Just a short session this time, so let’s talk about something that has pretty much nothing to do with the game content: the scoring system. I’ve said before that I don’t really care about getting lots of points in games unless it affects gameplay in some way — for example, by giving you extra lives — or unless the game has achievements of some sort built around it, explicitly or implicitly. For an adventure game, the simplest sort of implicit achievement is the full score. Typically, you only get points for solving puzzles, advancing the plot, performing significant actions in character, and/or discovering easter eggs. Opportunities to do any of these things are limited, so it’s possible to do them all, and to a completist like myself, that’s appealing: it means that I’ve played the game as thoroughly as possible and seen everything it has to show me. If the maximum score is a nice round number like 1000, all the better.

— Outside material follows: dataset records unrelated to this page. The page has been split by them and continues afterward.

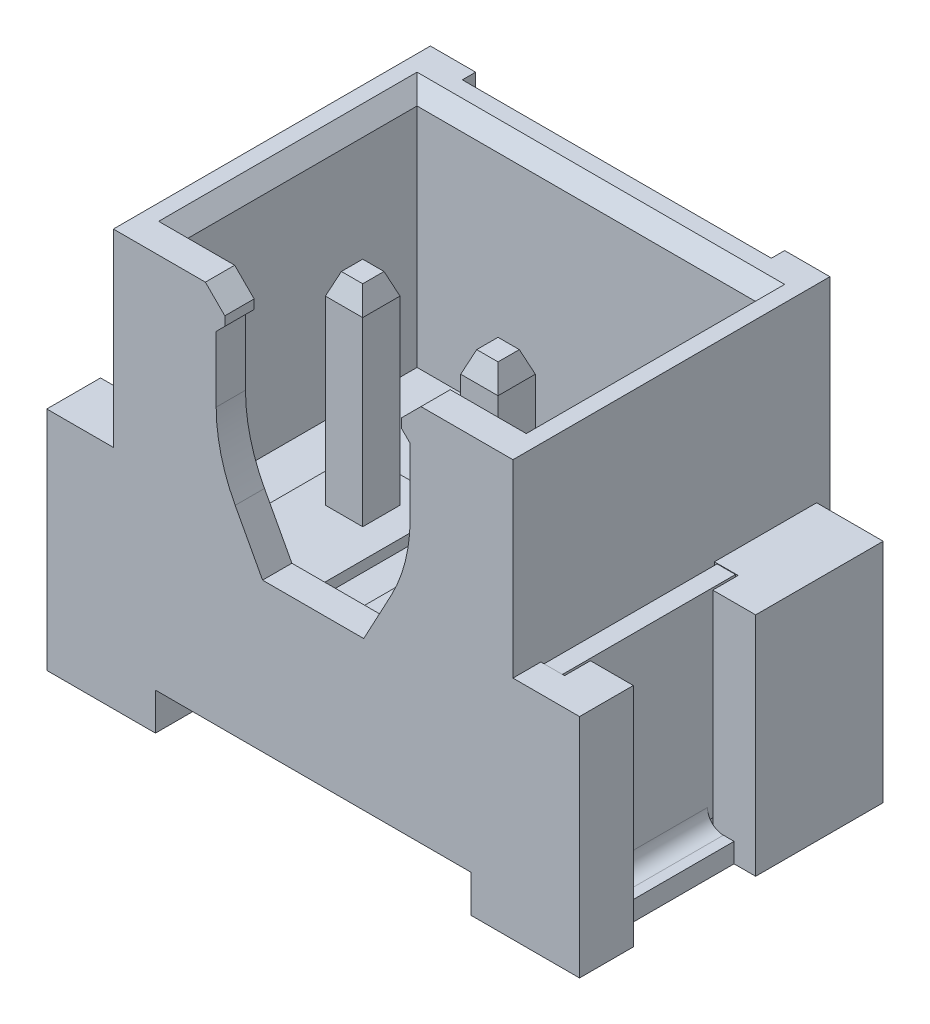
from build123d import *
from OCP.BRepFilletAPI import BRepFilletAPI_MakeChamfer

# Parameters (mm, degrees)
SKETCH1_W           = 10
SKETCH1_H           = 5.7
BOSS_EXTRUDE1_DEPTH = 4.25
BOSS_EXTRUDE2_DEPTH = 3.55
BOSS_EXTRUDE3_DEPTH = 0.25
SKETCH4_W           = 6.399999999999999
SKETCH4_H           = 4.6
CUT_EXTRUDE1_DEPTH  = 4.55
BOSS_EXTRUDE4_DEPTH = 0.2
BOSS_EXTRUDE5_DEPTH = 4
CHAMFER1_SIZE       = 0.25
CHAMFER1_SIZE2      = 0.3
CUT_EXTRUDE5_DEPTH  = 0.55
CUT_EXTRUDE6_DEPTH  = 12.011017210049216
CHAMFER2_SIZE       = 0.4
CHAMFER2_SIZE2      = 0.15
BOSS_EXTRUDE6_DEPTH = 6.45
CHAMFER3_SIZE       = 0.15
CHAMFER3_SIZE2      = 0.4
CUT_EXTRUDE7_DEPTH  = 2
FILLET1_R           = 1
CUT_EXTRUDE8_DEPTH  = 11.749015904295446
SKETCH13_W          = 0.34470786446686574
SKETCH13_H          = 3.258573050104898
SKETCH13_H_2        = 3.2585730501048964
BOSS_EXTRUDE7_DEPTH = 4.2
SKETCH14_W          = 2.1962459212727503
SKETCH14_H          = 0.3660162451661128
BOSS_EXTRUDE8_DEPTH = 0.5
SKETCH15_W          = 0.34470786446686574
SKETCH15_H          = 0.535927560103362
SKETCH15_H_2        = 0.526399568728786
SKETCH15_H_3        = 0.5263995687287861
CUT_EXTRUDE9_DEPTH  = 0.5
SKETCH16_W          = 0.34470786446686574
SKETCH16_H          = 3.2585730501048964
SKETCH16_H_2        = 3.258573050104898
CUT_EXTRUDE10_DEPTH = 0.01
FILLET3_R           = 0.3
FILLET4_R           = 0.6


with BuildPart() as part:
    # Sketch1 → Boss-Extrude1 (new body)
    with BuildSketch(Plane(origin=(0, 0, 0), x_dir=(1, 0, 0), z_dir=(0, 1, 0))):
        Rectangle(SKETCH1_W, SKETCH1_H)
    extrude(amount=BOSS_EXTRUDE1_DEPTH)

    # Sketch2 → Boss-Extrude2 (add)
    with BuildSketch(Plane(origin=(0, 4.25, 0), x_dir=(1, 0, 0), z_dir=(0, 1, 0))):
        Polygon((-3.75, 2.8499999999999996), (3.75, 2.8499999999999996), (3.7499999999999996, -2.8500000000000005), (-3.7499999999999987, -2.8500000000000005), align=None)
    extrude(amount=BOSS_EXTRUDE2_DEPTH)

    # Sketch3 → Boss-Extrude3 (add)
    with BuildSketch(Plane(origin=(0, 0, -2.8499999999999996), x_dir=(-1, 0, 0), z_dir=(0, 0, -1))):
        Polygon((-3.75, 7.8), (-2.9, 7.8), (-2.899999999999999, 8e-17), (-3.75, 0), align=None)
        Polygon((3.75, 0), (2.899999999999999, 8e-17), (2.9, 7.8), (3.75, 7.8), align=None)
    extrude(amount=BOSS_EXTRUDE3_DEPTH)

    # Sketch4 → Cut-Extrude1 (cut)
    with BuildSketch(Plane(origin=(0, 7.8, 0), x_dir=(1, 0, 0), z_dir=(0, 1, 0))):
        Rectangle(SKETCH4_W, SKETCH4_H)
    extrude(amount=-CUT_EXTRUDE1_DEPTH, mode=Mode.SUBTRACT)

    # Sketch5 → Boss-Extrude4 (add)
    # profile 1 of 2: a face of its own
    with BuildSketch(Plane(origin=(0, 3.2499999999999996, 0), x_dir=(1, 0, 0), z_dir=(0, 1, 0))):
        Polygon((-2.174999999999999, -2.3000000000000003), (-2.174999999999999, 0.19999999999999923), (-0.3749999999999999, 0.1999999999999991), (-0.37499999999999944, -2.3000000000000003), align=None)
        Polygon((-1.6199999999999999, -0.30010615600666696), (-0.9199999999999999, -0.30010615600666696), (-0.9199999999999997, -1.0001061560066669), (-1.6199999999999997, -1.0001061560066669), align=None, mode=Mode.SUBTRACT)
    # profile 2 of 2: a face of its own
    with BuildSketch(Plane(origin=(0, 3.2499999999999996, 0), x_dir=(1, 0, 0), z_dir=(0, 1, 0))):
        Polygon((2.174999999999999, -2.3000000000000003), (0.37499999999999944, -2.3000000000000003), (0.3749999999999999, 0.1999999999999991), (2.174999999999999, 0.19999999999999923), align=None)
        Polygon((1.6199999999999997, -1.0001061560066669), (0.9199999999999997, -1.0001061560066669), (0.9199999999999999, -0.30010615600666696), (1.6199999999999999, -0.30010615600666696), align=None, mode=Mode.SUBTRACT)
    extrude(amount=BOSS_EXTRUDE4_DEPTH)

    # Sketch6 → Boss-Extrude5 (add)
    with BuildSketch(Plane(origin=(0, 3.2499999999999996, 0), x_dir=(1, 0, 0), z_dir=(0, 1, 0))):
        Polygon((-0.9199999999999997, -1.0001061560066669), (-0.9199999999999999, -0.30010615600666696), (-1.6199999999999999, -0.30010615600666696), (-1.6199999999999997, -1.0001061560066669), align=None)
        Polygon((1.6199999999999997, -1.0001061560066669), (1.6199999999999999, -0.30010615600666696), (0.9199999999999999, -0.30010615600666696), (0.9199999999999997, -1.0001061560066669), align=None)
    extrude(amount=BOSS_EXTRUDE5_DEPTH)

    # Chamfer1
    chamfer1_edges = [part.edges().sort_by_distance(p)[0] for p in [
        (3.1999999999999993, 7.8, 4.4e-16),
        (4.4e-16, 7.8, -2.2999999999999994),
        (-3.199999999999999, 7.8, 4.4e-16),
    ]]
    chamfer1_side = [part.faces().sort_by_distance(p)[0] for p in [
        (-2.99573531218939, 7.8, -2.9749999999999996),
    ]]
    chamfer(chamfer1_edges, length=CHAMFER1_SIZE, length2=CHAMFER1_SIZE2, reference=chamfer1_side[0])

    # Sketch7 → Cut-Extrude5 (cut)
    with BuildSketch(Plane.XY.offset(2.8500000000000005)):
        with BuildLine():
            Line((-2.0230768172750717, 7.8), (-1.658152916079166, 7.435076098804102))
            Line((-1.658152916079166, 7.435076098804102), (-1.658152916079166, 7.263136663157135))
            Line((-1.658152916079166, 7.263136663157135), (-1.8201957124672143, 7.101093866769083))
            Line((-1.8201957124672143, 7.101093866769083), (-1.820195712467214, 5.869596920770719))
            ThreePointArc((-1.820195712467214, 5.869596920770719), (-1.729701032325909, 5.138311207992215), (-1.4636765166579089, 4.4511438063269075))
            Line((-1.4636765166579089, 4.4511438063269075), (-0.9492914576822651, 3.492517105508663))
            Line((-0.9492914576822651, 3.492517105508663), (0.9492914576822654, 3.492517105508663))
            Line((0.9492914576822654, 3.492517105508663), (1.4636765166579093, 4.4511438063269075))
            ThreePointArc((1.4636765166579093, 4.4511438063269075), (1.7297010323259099, 5.1383112079922135), (1.8201957124672148, 5.869596920770719))
            Line((1.8201957124672148, 5.869596920770719), (1.8201957124672143, 7.101093866769083))
            Line((1.8201957124672143, 7.101093866769083), (1.6581529160791668, 7.263136663157135))
            Line((1.6581529160791668, 7.263136663157135), (1.6581529160791668, 7.435076098804102))
            Line((1.6581529160791668, 7.435076098804102), (2.0230768172750717, 7.8))
            Line((2.0230768172750717, 7.8), (-2.0230768172750717, 7.8))
        make_face()
    extrude(amount=-CUT_EXTRUDE5_DEPTH, mode=Mode.SUBTRACT)

    # Sketch8 → Cut-Extrude6 (cut, through all)
    with BuildSketch(Plane.XY.offset(2.8500000000000005)):
        Polygon((-2.96, 0), (2.96, 0), (2.96, 0.7000000000000003), (-2.96, 0.7), align=None)
    extrude(amount=-CUT_EXTRUDE6_DEPTH, mode=Mode.SUBTRACT)

    # Chamfer2: one chamfer whose edges measure the first distance from different faces: ONE call of the kernel's chamfer builder (chamfer() names one face for all edges)
    chamfer2_edges_1 = [part.edges().sort_by_distance(p)[0] for p in [
        (-1.2699999999999996, 7.25, 1.0001061560066669),
    ]]
    chamfer2_side_1 = [part.faces().sort_by_distance(p)[0] for p in [
        (-1.2699999999999998, 5.35, 1.0001061560066669),
    ]]
    chamfer2_edges_2 = [part.edges().sort_by_distance(p)[0] for p in [
        (-0.9199999999999998, 7.25, 0.6501061560066669),
    ]]
    chamfer2_side_2 = [part.faces().sort_by_distance(p)[0] for p in [
        (-0.9199999999999998, 5.35, 0.6501061560066669),
    ]]
    chamfer2_edges_3 = [part.edges().sort_by_distance(p)[0] for p in [
        (-1.27, 7.25, 0.30010615600666696),
    ]]
    chamfer2_side_3 = [part.faces().sort_by_distance(p)[0] for p in [
        (-1.2699999999999998, 5.35, 0.30010615600666696),
    ]]
    chamfer2_edges_4 = [part.edges().sort_by_distance(p)[0] for p in [
        (-1.6199999999999997, 7.25, 0.650106156006667),
    ]]
    chamfer2_side_4 = [part.faces().sort_by_distance(p)[0] for p in [
        (-1.6199999999999997, 5.35, 0.650106156006667),
    ]]
    chamfer2_edges_5 = [part.edges().sort_by_distance(p)[0] for p in [
        (1.2699999999999996, 7.25, 1.0001061560066669),
    ]]
    chamfer2_side_5 = [part.faces().sort_by_distance(p)[0] for p in [
        (1.2699999999999998, 5.35, 1.0001061560066669),
    ]]
    chamfer2_edges_6 = [part.edges().sort_by_distance(p)[0] for p in [
        (1.6199999999999997, 7.25, 0.6501061560066669),
    ]]
    chamfer2_side_6 = [part.faces().sort_by_distance(p)[0] for p in [
        (1.6199999999999997, 5.35, 0.6501061560066669),
    ]]
    chamfer2_edges_7 = [part.edges().sort_by_distance(p)[0] for p in [
        (1.27, 7.25, 0.30010615600666696),
    ]]
    chamfer2_side_7 = [part.faces().sort_by_distance(p)[0] for p in [
        (1.2699999999999998, 5.35, 0.30010615600666696),
    ]]
    chamfer2_edges_8 = [part.edges().sort_by_distance(p)[0] for p in [
        (0.9199999999999998, 7.25, 0.650106156006667),
    ]]
    chamfer2_side_8 = [part.faces().sort_by_distance(p)[0] for p in [
        (0.9199999999999998, 5.35, 0.650106156006667),
    ]]
    chamfer2 = BRepFilletAPI_MakeChamfer(part.part.solid().wrapped)
    for e in chamfer2_edges_1:
        chamfer2.Add(CHAMFER2_SIZE, CHAMFER2_SIZE2, e.wrapped, chamfer2_side_1[0].wrapped)  # the first distance lies on this face
    for e in chamfer2_edges_2:
        chamfer2.Add(CHAMFER2_SIZE, CHAMFER2_SIZE2, e.wrapped, chamfer2_side_2[0].wrapped)  # the first distance lies on this face
    for e in chamfer2_edges_3:
        chamfer2.Add(CHAMFER2_SIZE, CHAMFER2_SIZE2, e.wrapped, chamfer2_side_3[0].wrapped)  # the first distance lies on this face
    for e in chamfer2_edges_4:
        chamfer2.Add(CHAMFER2_SIZE, CHAMFER2_SIZE2, e.wrapped, chamfer2_side_4[0].wrapped)  # the first distance lies on this face
    for e in chamfer2_edges_5:
        chamfer2.Add(CHAMFER2_SIZE, CHAMFER2_SIZE2, e.wrapped, chamfer2_side_5[0].wrapped)  # the first distance lies on this face
    for e in chamfer2_edges_6:
        chamfer2.Add(CHAMFER2_SIZE, CHAMFER2_SIZE2, e.wrapped, chamfer2_side_6[0].wrapped)  # the first distance lies on this face
    for e in chamfer2_edges_7:
        chamfer2.Add(CHAMFER2_SIZE, CHAMFER2_SIZE2, e.wrapped, chamfer2_side_7[0].wrapped)  # the first distance lies on this face
    for e in chamfer2_edges_8:
        chamfer2.Add(CHAMFER2_SIZE, CHAMFER2_SIZE2, e.wrapped, chamfer2_side_8[0].wrapped)  # the first distance lies on this face
    add(Compound.cast(chamfer2.Shape()), mode=Mode.REPLACE)

    # Sketch10 → Boss-Extrude6 (add)
    with BuildSketch(Plane.XY.offset(1.0001061560066669)):
        Polygon((-1.6199999999999999, 0.7000000000000003), (-0.9199999999999997, 0.7000000000000003), (-0.9199999999999996, 0), (-1.6199999999999994, 0), align=None)
        Polygon((1.6199999999999994, 0), (0.9199999999999996, 0), (0.9199999999999997, 0.7000000000000003), (1.6199999999999999, 0.7000000000000003), align=None)
    extrude(amount=-BOSS_EXTRUDE6_DEPTH)

    # Chamfer3: one chamfer whose edges measure the first distance from different faces: ONE call of the kernel's chamfer builder (chamfer() names one face for all edges)
    chamfer3_edges_1 = [part.edges().sort_by_distance(p)[0] for p in [
        (-1.2699999999999998, 0.7000000000000003, -5.449893843993333),
        (-1.6199999999999997, 0.35000000000000014, -5.449893843993333),
        (-0.9199999999999997, 0.35000000000000014, -5.449893843993333),
        (-1.2699999999999996, 0, -5.449893843993333),
    ]]
    chamfer3_side_1 = [part.faces().sort_by_distance(p)[0] for p in [
        (-1.2699999999999996, 0.3500000000000002, -5.449893843993333),
    ]]
    chamfer3_edges_2 = [part.edges().sort_by_distance(p)[0] for p in [
        (1.2699999999999998, 0.7000000000000003, -5.449893843993333),
        (1.6199999999999997, 0.35000000000000014, -5.449893843993333),
        (1.2699999999999996, 0, -5.449893843993333),
        (0.9199999999999997, 0.35000000000000014, -5.449893843993333),
    ]]
    chamfer3_side_2 = [part.faces().sort_by_distance(p)[0] for p in [
        (1.2699999999999996, 0.3500000000000002, -5.449893843993333),
    ]]
    chamfer3 = BRepFilletAPI_MakeChamfer(part.part.solid().wrapped)
    for e in chamfer3_edges_1:
        chamfer3.Add(CHAMFER3_SIZE, CHAMFER3_SIZE2, e.wrapped, chamfer3_side_1[0].wrapped)  # the first distance lies on this face
    for e in chamfer3_edges_2:
        chamfer3.Add(CHAMFER3_SIZE, CHAMFER3_SIZE2, e.wrapped, chamfer3_side_2[0].wrapped)  # the first distance lies on this face
    add(Compound.cast(chamfer3.Shape()), mode=Mode.REPLACE)

    # Sketch11 → Cut-Extrude7 (cut)
    with BuildSketch(Plane(origin=(0, 0, -2.8499999999999996), x_dir=(-1, 0, 0), z_dir=(0, 0, -1))):
        Polygon((-1.8200000000000005, 0.9000000000000004), (-0.7200000000000002, 0.9000000000000004), (-0.7200000000000002, 0.7000000000000004), (-1.82, 0.7000000000000004), align=None)
        Polygon((1.8199999999999994, 0.9000000000000004), (0.7199999999999993, 0.9000000000000004), (0.7199999999999993, 0.7000000000000004), (1.8199999999999992, 0.7000000000000004), align=None)
    extrude(amount=-CUT_EXTRUDE7_DEPTH, mode=Mode.SUBTRACT)

    # Fillet1
    # the kernel refuses this fillet: 1 mm, written as the material it takes off along each edge
    with BuildSketch(Plane(origin=(1.464848003542365, 0, 1.0001061560066669), x_dir=(0, 0, -1), z_dir=(-1, 0, 0))) as fillet1_piece_1:
        with BuildLine():
            CenterArc((0.9539392014169458, -1), FILLET1_R, 90, 72.54239687627793)
            Line((0, -0.7000000000000003), (0, 0))
            Line((0, 0), (0.9539392014169458, 0))
        make_face()
    extrude(amount=3.0848480035423647, mode=Mode.SUBTRACT)
    with BuildSketch(Plane(origin=(1.6199999999999994, 0, 1.0001061560066669), x_dir=(0, 0, -1), z_dir=(-1, 0, 0))) as fillet1_piece_2:
        with BuildLine():
            CenterArc((0.9539392014169458, -1), FILLET1_R, 90, 72.54239687627793)
            Line((0, -0.7000000000000003), (0, 0))
            Line((0, 0), (0.9539392014169458, 0))
        make_face()
    extrude(amount=3.0848480035423638, mode=Mode.SUBTRACT)

    # Sketch12 → Cut-Extrude8 (cut, through all)
    with BuildSketch(Plane(origin=(0, 7.8, 0), x_dir=(1, 0, 0), z_dir=(0, 1, 0))):
        Polygon((5, 0.4556412762642724), (4.194707864466865, 0.4556412762642724), (4.194707864466865, 0.9320408449930586), (3.75, 0.9320408449930585), (3.750000000000001, -2.32653220511184), (4.194707864466865, -2.32653220511184), (4.194707864466865, -1.8406046450084779), (5, -1.8406046450084779), align=None)
        Polygon((-4.194707864466865, -1.8406046450084779), (-5, -1.8406046450084779), (-5, 0.4556412762642724), (-4.194707864466865, 0.4556412762642724), (-4.194707864466865, 0.9320408449930586), (-3.75, 0.9320408449930585), (-3.750000000000001, -2.32653220511184), (-4.194707864466865, -2.32653220511184), align=None)
    extrude(amount=-CUT_EXTRUDE8_DEPTH, mode=Mode.SUBTRACT)

    # Sketch13 → Boss-Extrude7 (add)
    with BuildSketch(Plane(origin=(0, 4.25, 0), x_dir=(1, 0, 0), z_dir=(0, 1, 0))):
        with Locations((3.9723539322334327, -0.6972456800593906)):
            Rectangle(SKETCH13_W, SKETCH13_H)
        with Locations((-3.9723539322334327, -0.6972456800593899)):
            Rectangle(SKETCH13_W, SKETCH13_H_2)
    extrude(amount=-BOSS_EXTRUDE7_DEPTH)

    # Sketch14 → Boss-Extrude8 (add)
    with BuildSketch(Plane(origin=(4.144707864466866, 0, 0), x_dir=(0, 0, -1), z_dir=(1, 0, 0))):
        with Locations((-0.6924816843721028, 0.23300812258305612)):
            Rectangle(SKETCH14_W, SKETCH14_H)
    boss_extrude8 = extrude(amount=BOSS_EXTRUDE8_DEPTH)

    # Mirror3: Boss-Extrude8 across plane
    add(boss_extrude8.mirror(Plane(origin=(0, 0, 0), x_dir=(0, 0, 1), z_dir=(1, 0, 0))))

    # Sketch15 → Cut-Extrude9 (cut)
    with BuildSketch(Plane.XZ):
        with Locations((-3.9723539322334327, 2.058568425060159)):
            Rectangle(SKETCH15_W, SKETCH15_H)
        with Locations((-3.9723539322334327, -0.6688410606286654)):
            Rectangle(SKETCH15_W, SKETCH15_H_2)
        with Locations((3.9723539322334327, 2.058568425060159)):
            Rectangle(SKETCH15_W, SKETCH15_H)
        with Locations((3.9723539322334327, -0.6688410606286654)):
            Rectangle(SKETCH15_W, SKETCH15_H_3)
    extrude(amount=-CUT_EXTRUDE9_DEPTH, mode=Mode.SUBTRACT)

    # Sketch16 → Cut-Extrude10 (cut)
    with BuildSketch(Plane(origin=(0, 4.25, 0), x_dir=(1, 0, 0), z_dir=(0, 1, 0))):
        with Locations((-3.9723539322334327, -0.6972456800593899)):
            Rectangle(SKETCH16_W, SKETCH16_H)
        with Locations((3.9723539322334327, -0.6972456800593906)):
            Rectangle(SKETCH16_W, SKETCH16_H_2)
    extrude(amount=-CUT_EXTRUDE10_DEPTH, mode=Mode.SUBTRACT)

    # Fillet3
    # the kernel refuses this fillet: 0.3 mm, written as the material it adds along each edge
    with BuildSketch(Plane(origin=(4.144707864466866, 0.4160162451661125, -0.4056412762642723), x_dir=(0, 1, 0), z_dir=(0, 0, 1))) as fillet3_piece_1:
        with BuildLine():
            CenterArc((FILLET3_R, -FILLET3_R), FILLET3_R, 90, 90)
            Line((0, -FILLET3_R), (0, 0))
            Line((0, 0), (FILLET3_R, 0))
        make_face()
    extrude(amount=2.1962459212727503)
    with BuildSketch(Plane(origin=(-4.144707864466866, 0.4160162451661125, -0.4056412762642723), x_dir=(-1, 0, 0), z_dir=(0, 0, 1))) as fillet3_piece_2:
        with BuildLine():
            CenterArc((FILLET3_R, -FILLET3_R), FILLET3_R, 90, 90)
            Line((0, -FILLET3_R), (0, 0))
            Line((0, 0), (FILLET3_R, 0))
        make_face()
    extrude(amount=2.1962459212727503)

    # Fillet4
    fillet4_edges = [part.edges().sort_by_distance(p)[0] for p in [
        (3.7999999999999994, 0.04999999999999982, 0.6924816843721027),
        (-3.7999999999999994, 0.04999999999999982, 0.6924816843721029),
    ]]
    fillet(fillet4_edges, radius=FILLET4_R)


solid = part.part

Now, a lot of the Sierra games didn’t have nice round numbers for their maximum scores. One gets the impression that the authors just assigned points willy-nilly and counted them up after the fact. In fact, in one case they miscounted, leaving the maximum score as reported by the game tantalizingly unachievable. PQ4 avoids this problem by not giving any indication of what the maximum score is. (Although if I wind up with 998 points at the end, I’ll be suspicious.)

Still, despite this lack of feedback, old habit compels me to try to get all the points out of every scene. Sometimes the game makes this difficult. For example, in the opening crime scene, there are a couple of young men hanging around just outside the perimeter. If you talk to them and take notes in your official police notebook, you get two points. They don’t have any useful information, but you get points as a reward for thoroughness. If you show your badge first, you get another two points, a reward for following correct procedure. But if you decide to spend time inspecting the body or something first, they leave after a while, depriving you of these points — a punishment for guessing wrong about the game mechanics. No doubt I’ve already missed some points of this sort, and without knowing the maximum score, I’ll never know.

Except of course that I can know. We’re in the age of the Internet now. Walkthroughs and point lists are easily accessible online. (Even in 1993, this was starting to be the case, but the web has made game cheats so much easier to find.) Even in the old days, there were recourses. I personally went so far as to hack into some Sierra games in pursuit of the maximum score, decompressing the game resources and looking for anything unfamiliar, be it an animation or a line of dialogue. In one case, I even delved into the code — I never really decoded them completely, as SCI scripts are distributed in a byte code format (kind of like Java), but I was able to identify some byte sequences that were always found around numbers corresponding to score increases, and look for rooms that had more of those sequences than I knew about.

But that was long ago, when I had more free time, and when point-and-click adventures were still rare enough that I felt the need to squeeze all the entertainment I could out of them. (And yes, dissecting a game counts as entertainment. Sometimes it’s more fun than playing it.) I still have the tools I wrote to accomplish this, so I may wind up using them on PQ4 — it seems like a more honorable approach than reading someone else’s walkthrough. But there’s a good chance that they won’t work; Sierra did change how they packed their data once in a while. Some of the code from these tools was eventually folded into the FreeSCI project (itself now folded into ScummVM), so I may give that a look too. But I don’t know how much effort I’ll want to devote to this when the answers I’m trying to wring from the code can be more easily obtained at GameFAQs.

1 Comment so far

  1. Jason Dyer on 22 Apr 2010

    In one case, I even delved into the code — I never really decoded them completely, as SCI scripts are distributed in a byte code format (kind of like Java), but I was able to identify some byte sequences that were always found around numbers corresponding to score increases, and look for rooms that had more of those sequences than I knew about.

    You are a crazyman. In a good way.

    (I also looked up the number, in case you want to just use the old-fashioned “ask someone else” method.)